What are some tips to save tokens when using Next Web?
- Click the settings button above the chat box and find the following options:
- Number of historical messages: The fewer, the less token consumption, but GPT will forget previous conversations.
- Historical summary: Used to record long-term topics; turning it off can reduce token consumption.
- Inject system-level prompts: Used to improve ChatGPT’s response quality; turning it off can reduce token consumption.
- Click the settings button in the lower-left corner to turn off automatic title generation, which can reduce token consumption.
- During a conversation, click the robot icon above the chat box to quickly switch models. Prefer using 3.5 for Q&A, and if unsatisfied, switch to 4.0 to ask again.

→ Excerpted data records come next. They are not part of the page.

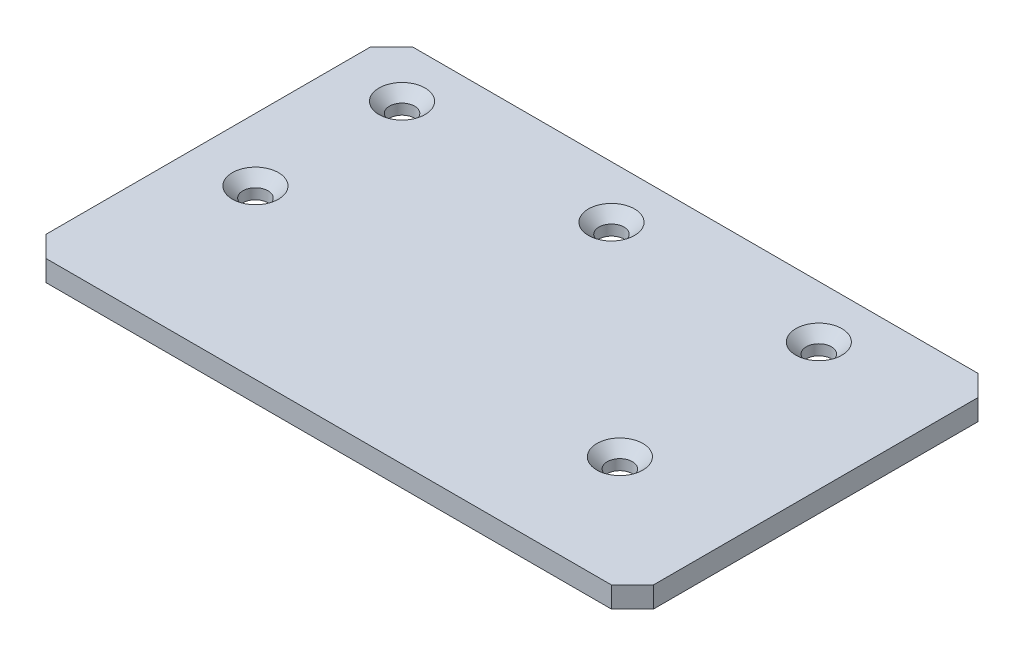
ISO-10303-21;
HEADER;
FILE_DESCRIPTION(('STEP AP214'),'2;1');
FILE_NAME('part.step','',(''),(''),'','','');
FILE_SCHEMA(('AUTOMOTIVE_DESIGN { 1 0 10303 214 1 1 1 1 }'));
ENDSEC;
DATA;
#1=APPLICATION_CONTEXT('core data for automotive mechanical design processes');
#2=APPLICATION_PROTOCOL_DEFINITION('international standard','automotive_design',2000,#1);
#3=PRODUCT_CONTEXT('',#1,'mechanical');
#4=PRODUCT('Part','Part','',(#3));
#5=PRODUCT_RELATED_PRODUCT_CATEGORY('part','',(#4));
#6=PRODUCT_DEFINITION_FORMATION('','',#4);
#7=PRODUCT_DEFINITION_CONTEXT('part definition',#1,'design');
#8=PRODUCT_DEFINITION('design','',#6,#7);
#9=PRODUCT_DEFINITION_SHAPE('','',#8);
#10=(LENGTH_UNIT() NAMED_UNIT(*) SI_UNIT(.MILLI.,.METRE.));
#11=(NAMED_UNIT(*) PLANE_ANGLE_UNIT() SI_UNIT($,.RADIAN.));
#12=(NAMED_UNIT(*) SI_UNIT($,.STERADIAN.) SOLID_ANGLE_UNIT());
#13=UNCERTAINTY_MEASURE_WITH_UNIT(LENGTH_MEASURE(1.E-05),#10,'distance_accuracy_value','');
#14=(GEOMETRIC_REPRESENTATION_CONTEXT(3) GLOBAL_UNCERTAINTY_ASSIGNED_CONTEXT((#13)) GLOBAL_UNIT_ASSIGNED_CONTEXT((#10,
#11,#12)) REPRESENTATION_CONTEXT('',''));
#15=CARTESIAN_POINT('',(0.,0.,0.));
#16=DIRECTION('',(0.,0.,1.));
#17=DIRECTION('',(1.,0.,0.));
#18=AXIS2_PLACEMENT_3D('',#15,#16,#17);
#19=CARTESIAN_POINT('',(29.,2.,17.5));
#20=DIRECTION('',(-1.,0.,0.));
#21=DIRECTION('',(0.,0.,1.));
#22=AXIS2_PLACEMENT_3D('',#19,#20,#21);
#23=PLANE('',#22);
#24=DIRECTION('',(0.,0.,-1.));
#25=VECTOR('',#24,1.);
#26=CARTESIAN_POINT('',(29.,2.,17.5));
#27=LINE('',#26,#25);
#28=CARTESIAN_POINT('',(29.,2.,15.5));
#29=VERTEX_POINT('',#28);
#30=CARTESIAN_POINT('',(29.,2.,-15.5));
#31=VERTEX_POINT('',#30);
#32=EDGE_CURVE('E149',#29,#31,#27,.T.);
#33=ORIENTED_EDGE('',*,*,#32,.F.);
#34=DIRECTION('',(0.,-1.,0.));
#35=VECTOR('',#34,1.);
#36=CARTESIAN_POINT('',(29.,2.,15.5));
#37=LINE('',#36,#35);
#38=CARTESIAN_POINT('',(29.,0.,15.5));
#39=VERTEX_POINT('',#38);
#40=EDGE_CURVE('E11',#29,#39,#37,.T.);
#41=ORIENTED_EDGE('',*,*,#40,.T.);
#42=DIRECTION('',(0.,0.,-1.));
#43=VECTOR('',#42,1.);
#44=CARTESIAN_POINT('',(29.,0.,17.5));
#45=LINE('',#44,#43);
#46=CARTESIAN_POINT('',(29.,0.,-15.5));
#47=VERTEX_POINT('',#46);
#48=EDGE_CURVE('E151',#39,#47,#45,.T.);
#49=ORIENTED_EDGE('',*,*,#48,.T.);
#50=DIRECTION('',(0.,1.,0.));
#51=VECTOR('',#50,1.);
#52=CARTESIAN_POINT('',(29.,2.,-15.5));
#53=LINE('',#52,#51);
#54=EDGE_CURVE('E57',#47,#31,#53,.T.);
#55=ORIENTED_EDGE('',*,*,#54,.T.);
#56=EDGE_LOOP('',(#33,#41,#49,#55));
#57=FACE_BOUND('',#56,.T.);
#58=ADVANCED_FACE('F47',(#57),#23,.F.);
#59=CARTESIAN_POINT('',(-29.,2.,-17.5));
#60=DIRECTION('',(0.,0.,1.));
#61=DIRECTION('',(1.,0.,0.));
#62=AXIS2_PLACEMENT_3D('',#59,#60,#61);
#63=PLANE('',#62);
#64=DIRECTION('',(-1.,0.,0.));
#65=VECTOR('',#64,1.);
#66=CARTESIAN_POINT('',(-29.,0.,-17.5));
#67=LINE('',#66,#65);
#68=CARTESIAN_POINT('',(27.,0.,-17.5));
#69=VERTEX_POINT('',#68);
#70=CARTESIAN_POINT('',(-27.,0.,-17.5));
#71=VERTEX_POINT('',#70);
#72=EDGE_CURVE('E145',#69,#71,#67,.T.);
#73=ORIENTED_EDGE('',*,*,#72,.T.);
#74=DIRECTION('',(0.,1.,0.));
#75=VECTOR('',#74,1.);
#76=CARTESIAN_POINT('',(-27.,2.,-17.5));
#77=LINE('',#76,#75);
#78=CARTESIAN_POINT('',(-27.,2.,-17.5));
#79=VERTEX_POINT('',#78);
#80=EDGE_CURVE('E121',#71,#79,#77,.T.);
#81=ORIENTED_EDGE('',*,*,#80,.T.);
#82=DIRECTION('',(-1.,0.,0.));
#83=VECTOR('',#82,1.);
#84=CARTESIAN_POINT('',(-29.,2.,-17.5));
#85=LINE('',#84,#83);
#86=CARTESIAN_POINT('',(27.,2.,-17.5));
#87=VERTEX_POINT('',#86);
#88=EDGE_CURVE('E201',#87,#79,#85,.T.);
#89=ORIENTED_EDGE('',*,*,#88,.F.);
#90=DIRECTION('',(0.,-1.,0.));
#91=VECTOR('',#90,1.);
#92=CARTESIAN_POINT('',(27.,2.,-17.5));
#93=LINE('',#92,#91);
#94=EDGE_CURVE('E127',#87,#69,#93,.T.);
#95=ORIENTED_EDGE('',*,*,#94,.T.);
#96=EDGE_LOOP('',(#73,#81,#89,#95));
#97=FACE_BOUND('',#96,.T.);
#98=ADVANCED_FACE('F205',(#97),#63,.F.);
#99=CARTESIAN_POINT('',(-29.,2.,17.5));
#100=DIRECTION('',(1.,0.,0.));
#101=DIRECTION('',(0.,0.,-1.));
#102=AXIS2_PLACEMENT_3D('',#99,#100,#101);
#103=PLANE('',#102);
#104=DIRECTION('',(0.,0.,1.));
#105=VECTOR('',#104,1.);
#106=CARTESIAN_POINT('',(-29.,2.,17.5));
#107=LINE('',#106,#105);
#108=CARTESIAN_POINT('',(-29.,2.,-15.5));
#109=VERTEX_POINT('',#108);
#110=CARTESIAN_POINT('',(-29.,2.,15.5));
#111=VERTEX_POINT('',#110);
#112=EDGE_CURVE('E136',#109,#111,#107,.T.);
#113=ORIENTED_EDGE('',*,*,#112,.F.);
#114=DIRECTION('',(0.,-1.,0.));
#115=VECTOR('',#114,1.);
#116=CARTESIAN_POINT('',(-29.,2.,-15.5));
#117=LINE('',#116,#115);
#118=CARTESIAN_POINT('',(-29.,0.,-15.5));
#119=VERTEX_POINT('',#118);
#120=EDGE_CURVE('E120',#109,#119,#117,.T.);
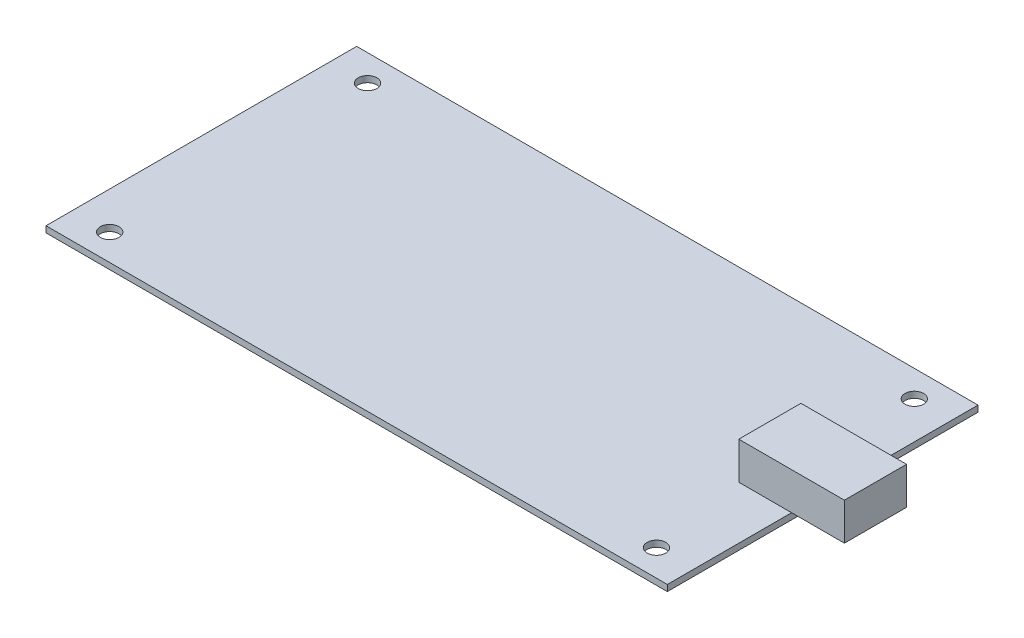
ISO-10303-21;
HEADER;
FILE_DESCRIPTION(('STEP AP214'),'2;1');
FILE_NAME('part.step','',(''),(''),'','','');
FILE_SCHEMA(('AUTOMOTIVE_DESIGN { 1 0 10303 214 1 1 1 1 }'));
ENDSEC;
DATA;
#1=APPLICATION_CONTEXT('core data for automotive mechanical design processes');
#2=APPLICATION_PROTOCOL_DEFINITION('international standard','automotive_design',2000,#1);
#3=PRODUCT_CONTEXT('',#1,'mechanical');
#4=PRODUCT('Part','Part','',(#3));
#5=PRODUCT_RELATED_PRODUCT_CATEGORY('part','',(#4));
#6=PRODUCT_DEFINITION_FORMATION('','',#4);
#7=PRODUCT_DEFINITION_CONTEXT('part definition',#1,'design');
#8=PRODUCT_DEFINITION('design','',#6,#7);
#9=PRODUCT_DEFINITION_SHAPE('','',#8);
#10=(LENGTH_UNIT() NAMED_UNIT(*) SI_UNIT(.MILLI.,.METRE.));
#11=(NAMED_UNIT(*) PLANE_ANGLE_UNIT() SI_UNIT($,.RADIAN.));
#12=(NAMED_UNIT(*) SI_UNIT($,.STERADIAN.) SOLID_ANGLE_UNIT());
#13=UNCERTAINTY_MEASURE_WITH_UNIT(LENGTH_MEASURE(1.E-05),#10,'distance_accuracy_value','');
#14=(GEOMETRIC_REPRESENTATION_CONTEXT(3) GLOBAL_UNCERTAINTY_ASSIGNED_CONTEXT((#13)) GLOBAL_UNIT_ASSIGNED_CONTEXT((#10,
#11,#12)) REPRESENTATION_CONTEXT('',''));
#15=CARTESIAN_POINT('',(0.,0.,0.));
#16=DIRECTION('',(0.,0.,1.));
#17=DIRECTION('',(1.,0.,0.));
#18=AXIS2_PLACEMENT_3D('',#15,#16,#17);
#19=CARTESIAN_POINT('',(0.,0.,0.));
#20=DIRECTION('',(0.,-1.,0.));
#21=DIRECTION('',(0.,0.,-1.));
#22=AXIS2_PLACEMENT_3D('',#19,#20,#21);
#23=PLANE('',#22);
#24=CARTESIAN_POINT('',(-44.,0.,-20.75));
#25=DIRECTION('',(0.,1.,0.));
#26=DIRECTION('',(0.,0.,1.));
#27=AXIS2_PLACEMENT_3D('',#24,#25,#26);
#28=CIRCLE('',#27,1.50000000000002);
#29=CARTESIAN_POINT('',(-44.,0.,-19.25));
#30=VERTEX_POINT('',#29);
#31=EDGE_CURVE('E226',#30,#30,#28,.T.);
#32=ORIENTED_EDGE('',*,*,#31,.T.);
#33=EDGE_LOOP('',(#32));
#34=FACE_BOUND('',#33,.T.);
#35=DIRECTION('',(0.,0.,-1.));
#36=VECTOR('',#35,1.);
#37=CARTESIAN_POINT('',(50.,0.,25.));
#38=LINE('',#37,#36);
#39=CARTESIAN_POINT('',(50.,0.,25.));
#40=VERTEX_POINT('',#39);
#41=CARTESIAN_POINT('',(50.,0.,-25.));
#42=VERTEX_POINT('',#41);
#43=EDGE_CURVE('E135',#40,#42,#38,.T.);
#44=ORIENTED_EDGE('',*,*,#43,.F.);
#45=DIRECTION('',(1.,0.,0.));
#46=VECTOR('',#45,1.);
#47=CARTESIAN_POINT('',(-50.,0.,25.));
#48=LINE('',#47,#46);
#49=CARTESIAN_POINT('',(-50.,0.,25.));
#50=VERTEX_POINT('',#49);
#51=EDGE_CURVE('E158',#50,#40,#48,.T.);
#52=ORIENTED_EDGE('',*,*,#51,.F.);
#53=DIRECTION('',(0.,0.,1.));
#54=VECTOR('',#53,1.);
#55=CARTESIAN_POINT('',(-50.,0.,25.));
#56=LINE('',#55,#54);
#57=CARTESIAN_POINT('',(-50.,0.,-25.));
#58=VERTEX_POINT('',#57);
#59=EDGE_CURVE('E156',#58,#50,#56,.T.);
#60=ORIENTED_EDGE('',*,*,#59,.F.);
#61=DIRECTION('',(-1.,0.,0.));
#62=VECTOR('',#61,1.);
#63=CARTESIAN_POINT('',(-50.,0.,-25.));
#64=LINE('',#63,#62);
#65=EDGE_CURVE('E138',#42,#58,#64,.T.);
#66=ORIENTED_EDGE('',*,*,#65,.F.);
#67=EDGE_LOOP('',(#44,#52,#60,#66));
#68=FACE_BOUND('',#67,.T.);
#69=CARTESIAN_POINT('',(44.,0.,-20.75));
#70=DIRECTION('',(0.,1.,0.));
#71=DIRECTION('',(0.,0.,1.));
#72=AXIS2_PLACEMENT_3D('',#69,#70,#71);
#73=CIRCLE('',#72,1.50000000000002);
#74=CARTESIAN_POINT('',(44.,0.,-19.25));
#75=VERTEX_POINT('',#74);
#76=EDGE_CURVE('E195',#75,#75,#73,.T.);
#77=ORIENTED_EDGE('',*,*,#76,.T.);
#78=EDGE_LOOP('',(#77));
#79=FACE_BOUND('',#78,.T.);
#80=CARTESIAN_POINT('',(44.,0.,20.75));
#81=DIRECTION('',(0.,1.,0.));
#82=DIRECTION('',(0.,0.,1.));
#83=AXIS2_PLACEMENT_3D('',#80,#81,#82);
#84=CIRCLE('',#83,1.50000000000002);
#85=CARTESIAN_POINT('',(44.,0.,22.25));
#86=VERTEX_POINT('',#85);
#87=EDGE_CURVE('E214',#86,#86,#84,.T.);
#88=ORIENTED_EDGE('',*,*,#87,.T.);
#89=EDGE_LOOP('',(#88));
#90=FACE_BOUND('',#89,.T.);
#91=CARTESIAN_POINT('',(-44.,0.,20.75));
#92=DIRECTION('',(0.,1.,0.));
#93=DIRECTION('',(0.,0.,1.));
#94=AXIS2_PLACEMENT_3D('',#91,#92,#93);
#95=CIRCLE('',#94,1.50000000000002);
#96=CARTESIAN_POINT('',(-44.,0.,22.25));
#97=VERTEX_POINT('',#96);
#98=EDGE_CURVE('E220',#97,#97,#95,.T.);
#99=ORIENTED_EDGE('',*,*,#98,.T.);
#100=EDGE_LOOP('',(#99));
#101=FACE_BOUND('',#100,.T.);
#102=ADVANCED_FACE('F39',(#34,#68,#79,#90,#101),#23,.T.);
#103=CARTESIAN_POINT('',(0.,1.,0.));
#104=DIRECTION('',(0.,-1.,0.));
#105=DIRECTION('',(0.,0.,-1.));
#106=AXIS2_PLACEMENT_3D('',#103,#104,#105);
#107=PLANE('',#106);
#108=CARTESIAN_POINT('',(-44.,1.,-20.75));
#109=DIRECTION('',(0.,1.,0.));
#110=DIRECTION('',(0.,0.,1.));
#111=AXIS2_PLACEMENT_3D('',#108,#109,#110);
#112=CIRCLE('',#111,1.50000000000002);
#113=CARTESIAN_POINT('',(-44.,1.,-19.25));
#114=VERTEX_POINT('',#113);
#115=EDGE_CURVE('E229',#114,#114,#112,.T.);
#116=ORIENTED_EDGE('',*,*,#115,.F.);
#117=EDGE_LOOP('',(#116));
#118=FACE_BOUND('',#117,.T.);
#119=CARTESIAN_POINT('',(-44.,1.,20.75));
#120=DIRECTION('',(0.,1.,0.));
#121=DIRECTION('',(0.,0.,1.));
#122=AXIS2_PLACEMENT_3D('',#119,#120,#121);
#123=CIRCLE('',#122,1.50000000000002);
#124=CARTESIAN_POINT('',(-44.,1.,22.25));
#125=VERTEX_POINT('',#124);
#126=EDGE_CURVE('E223',#125,#125,#123,.T.);
#127=ORIENTED_EDGE('',*,*,#126,.F.);
#128=EDGE_LOOP('',(#127));
#129=FACE_BOUND('',#128,.T.);
#130=CARTESIAN_POINT('',(44.,1.,20.75));
#131=DIRECTION('',(0.,1.,0.));
#132=DIRECTION('',(0.,0.,1.));
#133=AXIS2_PLACEMENT_3D('',#130,#131,#132);
#134=CIRCLE('',#133,1.50000000000002);
#135=CARTESIAN_POINT('',(44.,1.,22.25));
#136=VERTEX_POINT('',#135);
#137=EDGE_CURVE('E217',#136,#136,#134,.T.);
#138=ORIENTED_EDGE('',*,*,#137,.F.);
#139=EDGE_LOOP('',(#138));
#140=FACE_BOUND('',#139,.T.);
#141=CARTESIAN_POINT('',(44.,1.,-20.75));
#142=DIRECTION('',(0.,1.,0.));
#143=DIRECTION('',(0.,0.,1.));
#144=AXIS2_PLACEMENT_3D('',#141,#142,#143);
#145=CIRCLE('',#144,1.50000000000002);
#146=CARTESIAN_POINT('',(44.,1.,-19.25));
#147=VERTEX_POINT('',#146);
#148=EDGE_CURVE('E211',#147,#147,#145,.T.);
#149=ORIENTED_EDGE('',*,*,#148,.F.);
#150=EDGE_LOOP('',(#149));
#151=FACE_BOUND('',#150,.T.);
#152=DIRECTION('',(1.,0.,0.));
#153=VECTOR('',#152,1.);
#154=CARTESIAN_POINT('',(41.5,1.,5.));
#155=LINE('',#154,#153);
#156=CARTESIAN_POINT('',(41.5,1.,5.));
#157=VERTEX_POINT('',#156);
#158=CARTESIAN_POINT('',(50.,1.,5.));
#159=VERTEX_POINT('',#158);
#160=EDGE_CURVE('E56',#157,#159,#155,.T.);
#161=ORIENTED_EDGE('',*,*,#160,.F.);
#162=DIRECTION('',(0.,0.,1.));
#163=VECTOR('',#162,1.);
#164=CARTESIAN_POINT('',(41.5,1.,5.));
#165=LINE('',#164,#163);
#166=CARTESIAN_POINT('',(41.5,1.,-5.));
#167=VERTEX_POINT('',#166);
#168=EDGE_CURVE('E193',#167,#157,#165,.T.);
#169=ORIENTED_EDGE('',*,*,#168,.F.);
#170=DIRECTION('',(-1.,0.,0.));
#171=VECTOR('',#170,1.);
#172=CARTESIAN_POINT('',(41.5,1.,-5.));
#173=LINE('',#172,#171);
#174=CARTESIAN_POINT('',(50.,1.,-5.));
#175=VERTEX_POINT('',#174);
#176=EDGE_CURVE('E11',#175,#167,#173,.T.);
#177=ORIENTED_EDGE('',*,*,#176,.F.);
#178=DIRECTION('',(0.,0.,-1.));
#179=VECTOR('',#178,1.);
#180=CARTESIAN_POINT('',(50.,1.,25.));
#181=LINE('',#180,#179);
#182=CARTESIAN_POINT('',(50.,1.,-25.));
#183=VERTEX_POINT('',#182);
#184=EDGE_CURVE('E148',#175,#183,#181,.T.);
#185=ORIENTED_EDGE('',*,*,#184,.T.);
#186=DIRECTION('',(-1.,0.,0.));
#187=VECTOR('',#186,1.);
#188=CARTESIAN_POINT('',(-50.,1.,-25.));
#189=LINE('',#188,#187);
#190=CARTESIAN_POINT('',(-50.,1.,-25.));
#191=VERTEX_POINT('',#190);
#192=EDGE_CURVE('E146',#183,#191,#189,.T.);
#193=ORIENTED_EDGE('',*,*,#192,.T.);
#194=DIRECTION('',(0.,0.,1.));
#195=VECTOR('',#194,1.);
#196=CARTESIAN_POINT('',(-50.,1.,25.));
#197=LINE('',#196,#195);
#198=CARTESIAN_POINT('',(-50.,1.,25.));
#199=VERTEX_POINT('',#198);
#200=EDGE_CURVE('E150',#191,#199,#197,.T.);
#201=ORIENTED_EDGE('',*,*,#200,.T.);
#202=DIRECTION('',(1.,0.,0.));
#203=VECTOR('',#202,1.);
#204=CARTESIAN_POINT('',(-50.,1.,25.));
#205=LINE('',#204,#203);
#206=CARTESIAN_POINT('',(50.,1.,25.));
#207=VERTEX_POINT('',#206);
#208=EDGE_CURVE('E152',#199,#207,#205,.T.);
#209=ORIENTED_EDGE('',*,*,#208,.T.);
#210=EDGE_CURVE('E144',#207,#159,#181,.T.);
#211=ORIENTED_EDGE('',*,*,#210,.T.);
#212=EDGE_LOOP('',(#161,#169,#177,#185,#193,#201,#209,#211));
#213=FACE_BOUND('',#212,.T.);
#214=ADVANCED_FACE('F187',(#118,#129,#140,#151,#213),#107,.F.);
#215=CARTESIAN_POINT('',(50.,1.,25.));
#216=DIRECTION('',(-1.,0.,0.));
#217=DIRECTION('',(0.,0.,1.));
#218=AXIS2_PLACEMENT_3D('',#215,#216,#217);
#219=PLANE('',#218);
#220=ORIENTED_EDGE('',*,*,#43,.T.);
#221=DIRECTION('',(0.,-1.,0.));
#222=VECTOR('',#221,1.);
#223=CARTESIAN_POINT('',(50.,1.,-25.));
#224=LINE('',#223,#222);
#225=EDGE_CURVE('E43',#183,#42,#224,.T.);
#226=ORIENTED_EDGE('',*,*,#225,.F.);
#227=ORIENTED_EDGE('',*,*,#184,.F.);
#228=EDGE_CURVE('E147',#159,#175,#181,.T.);
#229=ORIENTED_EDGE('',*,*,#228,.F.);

Why doesn’t the backend show the used quota when creating a key?
When set to unlimited quota, the used quota won’t update. Change the unlimited quota to a limited quota to see the usage.
User Agreement
Payment is considered agreement to this agreement! Otherwise, please do not pay!
- This service will not persistently store any user’s chat information in any form;
- This service does not know and cannot know any text content transmitted by users in this service. Any illegal or criminal consequences caused by users using this service are borne by the user, and this service will fully cooperate with any related investigations that may arise.